Was die Leute aber wirklich beschäftigt, ist seine schonungslose Ehrlichkeit über die Folgen. Ben, der in kreativen Kreisen auch für seinen Roman 'You Must Be New Here: A Novel' und die charmante Zusammenarbeit 'Ben and Emma's Big Hit' bekannt ist, gab zu, dass er sich jetzt ständig umschaut. "Ich fühle mich in London nicht sicher", vertraute er Menschen in seiner Nähe an. Und kann man es ihm verübeln? Das ist keine anonyme Statistik; es ist ein Mann, dessen Job es ist, uns die Nachrichten zu bringen, der sie jetzt selbst erlebt. Es ist ein verdammtes Armutszeugnis für unsere Gesellschaft, wenn ein bekanntes Gesicht nicht mehr durch die Hauptstadt laufen kann, ohne um sein Leben zu fürchten. Die Polizei ist wohl am Ermitteln, aber seien wir ehrlich, die Chancen, die Täter zu schnappen, fühlen sich geringer an als ein Model-Taillenumfang.

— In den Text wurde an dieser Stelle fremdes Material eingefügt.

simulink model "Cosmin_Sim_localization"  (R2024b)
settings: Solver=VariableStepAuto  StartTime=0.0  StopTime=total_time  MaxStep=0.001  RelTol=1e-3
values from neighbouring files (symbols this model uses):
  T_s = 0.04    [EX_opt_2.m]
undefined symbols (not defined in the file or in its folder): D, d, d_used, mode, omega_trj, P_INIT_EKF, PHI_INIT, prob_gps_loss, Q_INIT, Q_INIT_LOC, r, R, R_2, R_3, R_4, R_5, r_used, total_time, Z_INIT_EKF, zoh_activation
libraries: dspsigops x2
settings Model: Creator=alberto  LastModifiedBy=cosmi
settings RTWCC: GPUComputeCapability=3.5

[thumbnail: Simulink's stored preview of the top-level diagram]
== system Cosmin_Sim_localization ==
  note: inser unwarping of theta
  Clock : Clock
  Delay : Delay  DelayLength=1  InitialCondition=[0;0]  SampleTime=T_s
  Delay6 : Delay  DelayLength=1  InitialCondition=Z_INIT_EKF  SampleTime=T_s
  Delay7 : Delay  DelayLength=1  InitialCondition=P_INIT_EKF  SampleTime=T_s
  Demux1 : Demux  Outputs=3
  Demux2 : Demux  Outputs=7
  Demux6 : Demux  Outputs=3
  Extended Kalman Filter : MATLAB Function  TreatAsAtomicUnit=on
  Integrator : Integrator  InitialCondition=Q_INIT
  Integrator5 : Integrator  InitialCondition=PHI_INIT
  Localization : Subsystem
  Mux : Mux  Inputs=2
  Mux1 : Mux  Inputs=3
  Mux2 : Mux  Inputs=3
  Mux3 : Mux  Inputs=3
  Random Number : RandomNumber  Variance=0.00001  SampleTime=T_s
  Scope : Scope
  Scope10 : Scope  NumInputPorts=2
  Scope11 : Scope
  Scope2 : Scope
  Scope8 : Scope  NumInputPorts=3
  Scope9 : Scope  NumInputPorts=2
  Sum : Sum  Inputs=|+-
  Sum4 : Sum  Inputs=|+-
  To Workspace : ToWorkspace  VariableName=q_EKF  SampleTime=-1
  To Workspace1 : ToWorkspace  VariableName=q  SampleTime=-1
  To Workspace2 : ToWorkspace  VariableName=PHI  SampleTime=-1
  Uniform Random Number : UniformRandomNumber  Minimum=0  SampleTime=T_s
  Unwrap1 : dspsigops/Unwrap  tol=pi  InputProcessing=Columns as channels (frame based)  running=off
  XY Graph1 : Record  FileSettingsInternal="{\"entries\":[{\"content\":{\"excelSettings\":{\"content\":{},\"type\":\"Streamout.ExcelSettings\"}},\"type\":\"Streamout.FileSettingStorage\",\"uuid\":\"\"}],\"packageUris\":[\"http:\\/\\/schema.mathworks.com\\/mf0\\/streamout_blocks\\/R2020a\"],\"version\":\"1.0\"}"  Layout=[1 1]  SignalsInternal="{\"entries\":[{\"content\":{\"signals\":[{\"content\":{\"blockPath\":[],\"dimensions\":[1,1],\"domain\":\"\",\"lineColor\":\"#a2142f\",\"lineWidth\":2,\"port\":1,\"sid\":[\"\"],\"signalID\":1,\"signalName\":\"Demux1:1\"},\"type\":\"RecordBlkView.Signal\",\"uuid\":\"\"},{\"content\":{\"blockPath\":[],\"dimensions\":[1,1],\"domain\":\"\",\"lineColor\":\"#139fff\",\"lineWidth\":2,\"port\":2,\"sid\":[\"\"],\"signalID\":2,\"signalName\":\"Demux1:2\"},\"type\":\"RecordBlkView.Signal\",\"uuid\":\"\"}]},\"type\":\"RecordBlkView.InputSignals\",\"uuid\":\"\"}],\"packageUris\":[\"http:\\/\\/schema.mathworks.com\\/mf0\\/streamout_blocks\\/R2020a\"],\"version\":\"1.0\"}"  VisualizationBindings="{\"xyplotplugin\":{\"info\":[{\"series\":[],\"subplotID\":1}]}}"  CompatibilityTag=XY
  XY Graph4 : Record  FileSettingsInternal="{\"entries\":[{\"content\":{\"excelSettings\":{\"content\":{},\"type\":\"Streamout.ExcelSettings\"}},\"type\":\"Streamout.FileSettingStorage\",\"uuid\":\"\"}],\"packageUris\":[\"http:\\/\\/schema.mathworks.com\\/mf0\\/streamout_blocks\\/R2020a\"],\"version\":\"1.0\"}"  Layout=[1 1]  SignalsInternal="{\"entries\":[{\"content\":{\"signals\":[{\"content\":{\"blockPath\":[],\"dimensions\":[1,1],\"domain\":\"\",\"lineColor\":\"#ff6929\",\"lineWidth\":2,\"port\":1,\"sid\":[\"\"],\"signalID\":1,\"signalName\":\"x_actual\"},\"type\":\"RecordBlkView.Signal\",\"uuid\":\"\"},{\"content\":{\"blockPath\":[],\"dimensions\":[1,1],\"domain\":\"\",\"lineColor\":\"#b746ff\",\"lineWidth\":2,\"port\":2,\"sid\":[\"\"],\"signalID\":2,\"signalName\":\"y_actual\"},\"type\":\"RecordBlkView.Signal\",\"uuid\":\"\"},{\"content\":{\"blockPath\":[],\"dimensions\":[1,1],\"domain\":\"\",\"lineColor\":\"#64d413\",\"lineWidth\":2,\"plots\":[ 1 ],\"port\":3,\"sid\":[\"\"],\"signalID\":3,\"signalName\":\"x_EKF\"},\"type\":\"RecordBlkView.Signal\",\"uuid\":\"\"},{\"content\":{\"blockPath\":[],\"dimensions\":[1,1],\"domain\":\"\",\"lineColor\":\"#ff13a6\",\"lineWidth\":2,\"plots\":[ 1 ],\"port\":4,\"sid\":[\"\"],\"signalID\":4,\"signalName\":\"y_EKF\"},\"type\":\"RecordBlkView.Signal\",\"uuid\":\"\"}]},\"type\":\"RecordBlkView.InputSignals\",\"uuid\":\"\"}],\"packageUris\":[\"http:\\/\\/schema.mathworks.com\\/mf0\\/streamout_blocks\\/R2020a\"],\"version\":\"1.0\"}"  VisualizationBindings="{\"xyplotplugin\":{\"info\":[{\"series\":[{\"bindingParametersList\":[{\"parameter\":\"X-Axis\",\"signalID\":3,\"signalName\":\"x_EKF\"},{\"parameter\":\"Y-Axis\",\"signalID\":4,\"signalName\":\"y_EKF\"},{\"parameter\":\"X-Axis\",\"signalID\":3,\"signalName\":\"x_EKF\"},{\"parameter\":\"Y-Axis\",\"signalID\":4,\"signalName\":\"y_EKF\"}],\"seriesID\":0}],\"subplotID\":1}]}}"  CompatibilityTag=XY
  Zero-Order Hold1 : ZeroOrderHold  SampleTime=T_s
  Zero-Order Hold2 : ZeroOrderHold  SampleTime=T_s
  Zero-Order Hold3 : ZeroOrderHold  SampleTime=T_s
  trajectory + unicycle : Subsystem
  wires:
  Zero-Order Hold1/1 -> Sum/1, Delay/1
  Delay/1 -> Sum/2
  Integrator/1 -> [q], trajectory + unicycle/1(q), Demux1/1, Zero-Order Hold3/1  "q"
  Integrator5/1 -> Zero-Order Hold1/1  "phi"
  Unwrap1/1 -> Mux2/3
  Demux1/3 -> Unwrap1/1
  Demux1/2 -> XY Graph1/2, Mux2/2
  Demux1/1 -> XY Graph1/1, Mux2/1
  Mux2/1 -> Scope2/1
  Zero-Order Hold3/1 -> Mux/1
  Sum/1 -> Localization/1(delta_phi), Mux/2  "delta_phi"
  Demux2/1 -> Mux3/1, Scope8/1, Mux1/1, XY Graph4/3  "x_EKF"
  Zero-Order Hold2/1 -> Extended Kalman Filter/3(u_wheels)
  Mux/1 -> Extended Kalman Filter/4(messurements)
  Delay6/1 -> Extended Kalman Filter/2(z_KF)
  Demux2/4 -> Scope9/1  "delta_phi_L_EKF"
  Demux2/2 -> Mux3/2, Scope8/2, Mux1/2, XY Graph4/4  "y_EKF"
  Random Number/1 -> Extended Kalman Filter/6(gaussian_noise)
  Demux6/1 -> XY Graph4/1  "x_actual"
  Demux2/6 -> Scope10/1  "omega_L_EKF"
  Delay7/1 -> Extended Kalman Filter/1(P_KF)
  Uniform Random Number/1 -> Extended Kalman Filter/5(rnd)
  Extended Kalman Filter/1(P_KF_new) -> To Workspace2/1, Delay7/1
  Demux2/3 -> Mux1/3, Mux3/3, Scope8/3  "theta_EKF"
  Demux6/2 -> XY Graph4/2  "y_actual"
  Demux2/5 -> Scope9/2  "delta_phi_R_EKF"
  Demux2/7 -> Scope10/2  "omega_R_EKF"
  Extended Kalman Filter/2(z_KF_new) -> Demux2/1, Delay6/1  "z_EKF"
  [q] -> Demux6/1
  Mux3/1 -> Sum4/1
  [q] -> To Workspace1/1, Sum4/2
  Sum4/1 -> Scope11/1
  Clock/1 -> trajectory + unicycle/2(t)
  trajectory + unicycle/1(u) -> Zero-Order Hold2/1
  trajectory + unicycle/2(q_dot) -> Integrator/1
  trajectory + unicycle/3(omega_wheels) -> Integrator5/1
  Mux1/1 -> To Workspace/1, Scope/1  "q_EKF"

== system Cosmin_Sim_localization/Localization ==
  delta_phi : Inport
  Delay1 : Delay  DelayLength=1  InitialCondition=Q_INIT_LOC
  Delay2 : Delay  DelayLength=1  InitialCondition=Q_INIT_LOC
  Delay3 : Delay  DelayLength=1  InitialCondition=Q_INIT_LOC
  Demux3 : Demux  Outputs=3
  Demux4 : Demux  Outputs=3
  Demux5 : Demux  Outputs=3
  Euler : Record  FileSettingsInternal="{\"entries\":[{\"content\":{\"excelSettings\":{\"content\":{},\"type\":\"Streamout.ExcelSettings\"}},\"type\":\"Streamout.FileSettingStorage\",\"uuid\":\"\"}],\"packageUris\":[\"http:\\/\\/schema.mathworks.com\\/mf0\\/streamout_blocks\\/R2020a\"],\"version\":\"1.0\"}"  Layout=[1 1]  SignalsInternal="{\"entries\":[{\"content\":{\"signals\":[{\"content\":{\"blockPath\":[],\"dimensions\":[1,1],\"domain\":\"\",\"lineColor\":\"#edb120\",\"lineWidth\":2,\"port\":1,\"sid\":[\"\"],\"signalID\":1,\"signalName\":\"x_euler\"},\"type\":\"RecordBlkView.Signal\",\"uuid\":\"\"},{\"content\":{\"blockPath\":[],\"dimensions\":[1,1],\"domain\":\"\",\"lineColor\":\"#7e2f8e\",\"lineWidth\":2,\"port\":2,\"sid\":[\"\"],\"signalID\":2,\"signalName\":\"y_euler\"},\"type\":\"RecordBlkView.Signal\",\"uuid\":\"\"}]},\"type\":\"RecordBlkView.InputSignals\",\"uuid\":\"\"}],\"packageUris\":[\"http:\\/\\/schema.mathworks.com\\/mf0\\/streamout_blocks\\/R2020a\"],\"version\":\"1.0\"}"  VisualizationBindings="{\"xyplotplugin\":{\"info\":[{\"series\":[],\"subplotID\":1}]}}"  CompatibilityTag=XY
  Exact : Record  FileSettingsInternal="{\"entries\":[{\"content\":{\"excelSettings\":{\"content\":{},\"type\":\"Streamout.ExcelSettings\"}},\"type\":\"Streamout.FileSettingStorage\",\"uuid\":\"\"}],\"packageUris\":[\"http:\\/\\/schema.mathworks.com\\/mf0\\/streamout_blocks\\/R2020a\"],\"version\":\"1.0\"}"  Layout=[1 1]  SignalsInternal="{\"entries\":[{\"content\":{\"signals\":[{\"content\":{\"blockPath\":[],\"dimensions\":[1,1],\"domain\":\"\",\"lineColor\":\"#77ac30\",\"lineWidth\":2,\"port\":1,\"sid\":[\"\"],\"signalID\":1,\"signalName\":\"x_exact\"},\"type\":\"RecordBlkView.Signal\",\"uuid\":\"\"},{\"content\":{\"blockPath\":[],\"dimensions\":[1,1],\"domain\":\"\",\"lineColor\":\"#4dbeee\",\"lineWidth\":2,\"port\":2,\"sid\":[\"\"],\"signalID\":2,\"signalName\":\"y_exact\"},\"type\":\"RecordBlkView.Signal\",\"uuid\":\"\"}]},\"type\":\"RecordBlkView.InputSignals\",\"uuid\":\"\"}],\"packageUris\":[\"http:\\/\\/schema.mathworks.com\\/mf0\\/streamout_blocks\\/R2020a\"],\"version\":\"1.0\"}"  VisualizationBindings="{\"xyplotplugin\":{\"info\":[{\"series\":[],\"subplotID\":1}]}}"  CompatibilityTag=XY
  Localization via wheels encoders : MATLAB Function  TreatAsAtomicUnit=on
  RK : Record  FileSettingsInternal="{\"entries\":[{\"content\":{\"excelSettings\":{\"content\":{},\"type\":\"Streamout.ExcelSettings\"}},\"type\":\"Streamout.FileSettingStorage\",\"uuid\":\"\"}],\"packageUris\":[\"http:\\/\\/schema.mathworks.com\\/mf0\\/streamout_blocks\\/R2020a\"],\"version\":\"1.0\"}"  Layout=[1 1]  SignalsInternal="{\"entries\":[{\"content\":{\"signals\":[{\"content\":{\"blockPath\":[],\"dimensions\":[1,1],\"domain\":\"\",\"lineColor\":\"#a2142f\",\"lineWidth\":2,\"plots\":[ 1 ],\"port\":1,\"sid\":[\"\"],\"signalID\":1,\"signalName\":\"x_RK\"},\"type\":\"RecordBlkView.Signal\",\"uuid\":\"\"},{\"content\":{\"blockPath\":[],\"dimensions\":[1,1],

Die ganze bedauerliche Episode hat in der Kneipe und in den sozialen Medien eine richtige Diskussion ausgelöst. Es geht nicht nur darum, dass ein Typ eine Uhr verliert; es geht um das schleichende Gefühl, dass sich nirgendwo mehr richtig sicher anfühlt. Für Ben, den die jüngere Crowd vielleicht sogar von seinen Underground-DJ-Sets als Ben UFO kennt (ja, der Mann hat viele Facetten), ist das ein brutaler Weckruf. Er hat die physischen Narben, um es zu beweisen, aber die psychischen werden länger brauchen, um zu heilen. Hier ist, was wir wissen, was bei dem Angriff verloren ging oder beschädigt wurde:

  • Eine Rolex-Uhr: Vermutlich ein geschätztes Besitztum, das jetzt wahrscheinlich in irgendeiner zwielichtigen Kneipe verscherbelt wird.
  • Seine Seelenruhe: Das Gefühl der Sicherheit, das jeder Londoner verdient, aber nur wenige wirklich haben.
  • Sein Vertrauen in die Stadt: Ein Vertrauen, das durch einen willkürlichen Gewaltakt zerstört wurde.
  • Physische Schäden: Gesichtsverletzungen, die ihn täglich an den Überfall erinnern.

Man sollte meinen, dass ein Typ, der ein wenig Wärme in unsere Morgenstunden bringt, eine Verschnaufpause verdient hätte. Stattdessen ist Ben Thompson jetzt Teil einer traurigen Statistik. Die Show muss weitergehen, und er wird wieder auf dem Sofa sitzen und es wahrscheinlich mit einer ordentlichen Portion britischem Stoizismus herunterspielen. Aber wenn Sie ihn das nächste Mal im Fernsehen sehen, denken Sie daran: Der Typ hat einiges durchgemacht. Und irgendwo da draussen laufen zwei Idioten mit seiner Uhr herum und haben wahrscheinlich keine Ahnung, dass sie einen der beliebtesten Moderatoren des Landes gezeichnet haben. London kann besser sein, und wir können es auch.